Georgia Association of Teacher Educators (GATE) 2022

 If no one comes to your presentation...are you still a presenter?

This is the first time in a decade of presenting at educational conferences that literally no one showed up to our session. To be fair, there were a mere 30 people in the opening session: most of which had sessions in the upcoming timeslot or were literally running the conference.

Stephanie Whitlock, a very gifted Math educator and personal friend, and I had set our presentation room up before the opening session. We were here in Helen, Georgia at the Unicoi Lodge for the conference. While our school had paid for the days off to be staff development, we still had to pay the bill for the conference, travel, and lodging. The room had three large tables, and we sat them in six groups of four to play the board game that would be our interactive session. We had game boards, pieces, dice, mini-figures, character sheets, and markers for each group. Whitlock is highly organized. 

Our session was on a collaborative project we did last Spring between a tenth grade ELA class and an accelerated pre-calculus class. For as long as I've been teaching I have heard that ELA teachers should collaborate with Social Studies and Science teachers should collaborate with Math. In our breakfast last-minute planning session this morning Whitlock said that what made this different was "how we weren't just supporting each other's content, but actually made what we were already teaching work in both classes." 

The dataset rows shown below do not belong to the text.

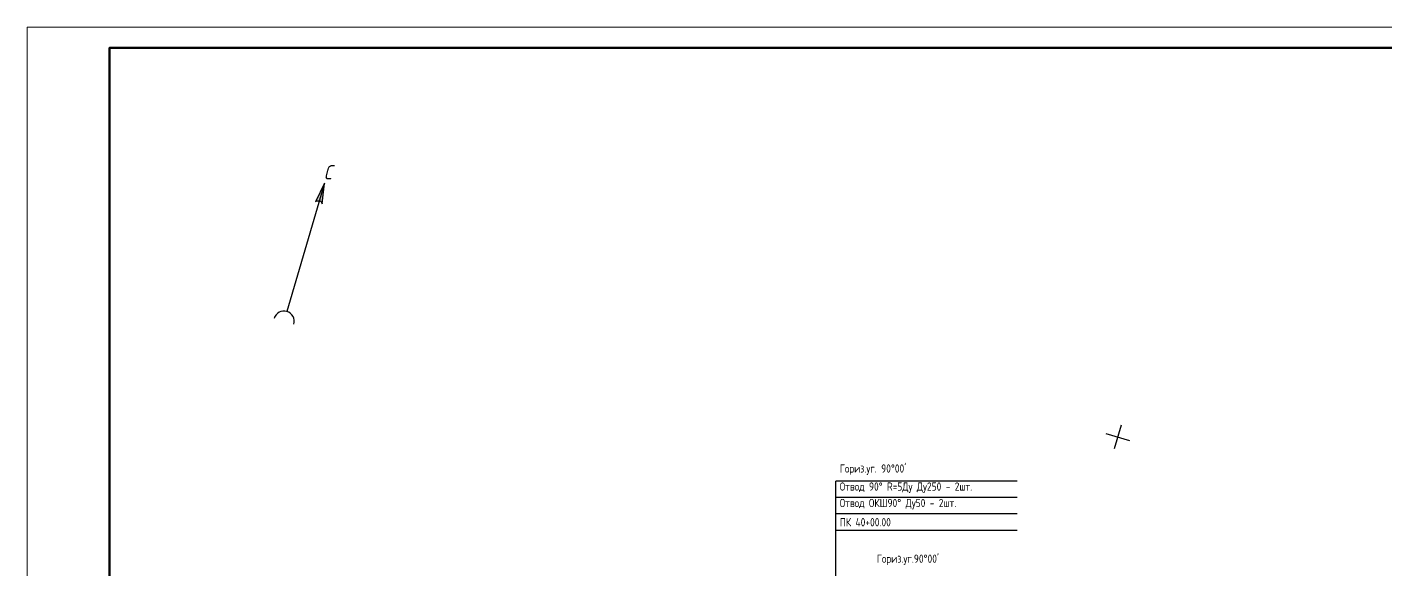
# Model space of a CAD drawing. Extents: x 27 to 1288, y -35 to 667.
# Drawn here: x 26.9 to 356.9, y 496.4 to 628.2 of the extents above; entities that cross this region are included whole.
import ezdxf
from ezdxf.enums import TextEntityAlignment as Align

# ---------------------------------------------------------------- set-up
doc = ezdxf.new("R2010")
doc.units = 0
for name, color, linetype, lineweight in [('ИИ_ГЕОЛОГИЯ_025', 7, 'Continuous', 25), ('ИИ_ГЕОСЕТКА_025', 3, 'Continuous', 25), ('ИИ_ОФОРМЛЕНИЕ_025', 7, 'Continuous', 25)]:
    doc.layers.add(name, color=color, linetype=linetype, lineweight=lineweight)
doc.layers.add('ТХ-Л', color=140, linetype='Continuous')
doc.styles.add('VNIPISIMPLEXCUR', font='simplex.shx', dxfattribs={"width": 0.8, "oblique": 15})

# ---------------------------------------------------------------- blocks, each defined once
blk = doc.blocks.new('ИИ05012')
at = {"color": 0, "linetype": 'Continuous', "flags": 128}
for points in [[(-3, 0), (3, 0)], [(0, 3), (0, -3)]]:
    blk.add_lwpolyline(points, dxfattribs=at)
blk = doc.blocks.new('ИИ17001')
at = {"linetype": 'Continuous', "lineweight": 25}
h = blk.add_hatch(color=0, dxfattribs=at)
edge = h.paths.add_edge_path()
edge.add_line((0.8816349035423094, 12.5), (4.440892098500626e-15, 17.5))
edge.add_line((4.440892098500626e-15, 17.5), (-0.8816349035423023, 12.5))
edge.add_arc((3.552713678800501e-15, 11.97271989685595), 1.027280103144051, 30.882412134272272, 149.1175878657276, ccw=False)
at = {"color": 0, "linetype": 'Continuous', "lineweight": 25}
blk.add_lwpolyline([(0.8816349035423094, 12.5), (4.440892098500626e-15, 17.5), (-0.8816349035423023, 12.5, -0.5671281819617832)], format="xyb", close=True, dxfattribs=at)
blk.add_lwpolyline([(4.440892098500626e-15, 17.5), (-3.552713678800501e-15, -15)], dxfattribs=at)
blk.add_arc((-4.440892098500626e-15, -17.5), 2.5, 0, 180, dxfattribs=at)
at = {"color": 0, "linetype": 'Continuous', "lineweight": 35, "style": 'VNIPISIMPLEXCUR', "oblique": 15, "width": 0.8, "flags": 8}
blk.add_attdef('NORTH', text='', height=3.5, dxfattribs=at).set_placement((5.329070518200751e-15, 20.25), align=Align.MIDDLE)
blk = doc.blocks.new('Siberia.Format{29e97dca-823b-4f4a-92bd-6423e5008af1}')
at = {"layer": 'ИИ_ГЕОЛОГИЯ_025', "color": 0, "linetype": 'Continuous', "lineweight": 15}
blk.add_lwpolyline([(0, 0), (1261, 0), (1261, 594), (0, 594), (0, 0)], dxfattribs=at)
at = {"layer": 'ИИ_ГЕОЛОГИЯ_025', "color": 0, "linetype": 'Continuous', "lineweight": 60}
blk.add_lwpolyline([(20, 5), (1256, 5), (1256, 589), (20, 589), (20, 5)], dxfattribs=at)

msp = doc.modelspace()

# ---------------------------------------------------------------- linework, layer by layer
at = {"layer": 'ТХ-Л'}
for p, q in [((267.3619450110839, 517.9872664112929, 342.96), (223.3143253220607, 517.9872664112929, 342.96)), ((223.3143253220605, 358.8625721743205, 342.96), (223.3143253220607, 517.9872664112929, 342.96)), ((267.3619450110839, 513.9872664112929, 342.96), (223.3143253220607, 513.9872664112929, 342.96)), ((267.3619450110839, 509.9872664112929, 342.96), (223.3143253220607, 509.9872664112929, 342.96)), ((267.3619450110839, 505.9872664112929, 342.96), (223.3143253220607, 505.9872664112929, 342.96))]:
    msp.add_line(p, q, dxfattribs=at)

# ---------------------------------------------------------------- block references
at = {"layer": 'ИИ_ГЕОЛОГИЯ_025', "linetype": 'Continuous'}
msp.add_blockref('Siberia.Format{29e97dca-823b-4f4a-92bd-6423e5008af1}', (26.94842812114666, 34.24243568330553), dxfattribs=at)
at = {"layer": 'ИИ_ГЕОСЕТКА_025', "rotation": 343.6268088678422}
msp.add_blockref('ИИ05012', (291.7888702574546, 528.6557475728987), dxfattribs=at)
at = {"layer": 'ИИ_ОФОРМЛЕНИЕ_025'}
ref = msp.add_blockref('ИИ17001', (94.26144682128933, 573.5764797828087), dxfattribs=dict(at, rotation=343.6268088678422))
ref.add_attrib('NORTH', 'С', dxfattribs={"layer": '0', "color": 0, "linetype": 'Continuous', "lineweight": 35, "height": 3.5, "style": 'VNIPISIMPLEXCUR', "oblique": 15, "width": 0.8, "flags": 8}).set_placement((99.96977116239276, 593.0052608360929), align=Align.MIDDLE)

# ---------------------------------------------------------------- texts
at = {"layer": 'ТХ-Л', "char_height": 2, "attachment_point": 1}
for s, insert, width in [("\\Fsimplex.shx;\\W0.8000000000;\\T1.0000000000;\\o\\lГориз.уг. 90°00'", (224.3143253220607, 522.0348854588676, 342.96), 20.57142857142856), ('{\\Fsimplex|c204;\\W0.8;Отвод 90° R=5Ду Ду250 - 2шт.}', (224.3143253220607, 517.65393307827, 342.96), 44.26666666666667), ('\\Fsimplex.shx;\\W0.8000000000;\\T1.0000000000;\\o\\lОтвод ОКШ90° Ду50 - 2шт.', (224.3143253220607, 513.65393307827, 342.96), 38.7047619047619), ('{\\Fsimplex|c204;\\W0.8;ПК 40+00.00}', (224.3143253220607, 508.9872664112929, 342.96), 17.06666666666666), ("\\Fsimplex.shx;\\W0.8000000000;\\T1.0000000000;\\o\\lГориз.уг.90°00'", (233.3143253220418, 500.1200368429865, 342.96), 19.12380952380952)]:
    msp.add_mtext(s, dxfattribs=dict(at, insert=insert, width=width))

doc.saveas('drawing.dxf')

What Are Our Chances is a narrative writing and statistical probabilities project that is basically a tabletop roleplaying game.
  1. Students build characters that are actively engaged in surviving the zombie apocalypse
  2. Students participate in lessons to understand and build probability events that support the development of the boardgame. 
  3. Students then play the boardgame as their character to literally be the character making choies based off of statistical probabilities on what choices they should make to gather supplies and attempt to escape the city.
  4. Students record these choices on a game sheet, and the outcomes of their dice rolls and events.
  5. These game sheets determine what happens with the overall outcome of their team. Do the characters live or die? 
  6. These story sheets then drive narrative writing and inspire stories about characters that students literally have experienced through the gift of roleplay. 



Despite all of this hard work (mostly Whitlock), we had one person come and sit with us, but we did not get to do our presentation or play the board game. Our goal was to introduce the project and then facilitate the game with each group. My friend Dr. Jones would tell me that these things happen, and while I can hear his voice, I'm still pretty bitter about the missed opportunity to share our work with this conference.

Honestly, the best part of this conference has been meeting other people in GSU's doctoral programs. I have finally met Glenda Chisholm whom Dr. Zoss encouraged me to connect with before. She is a researcher doing YPAR work. Another graduate, Dr. Jamie Daniels-Favors is a teacher educator at Kennesaw State University and a Science educator. Meeting both of them felt a little bit too much to be a coincidence. We spent the day hopping between sessions that they were either presenting at or attending.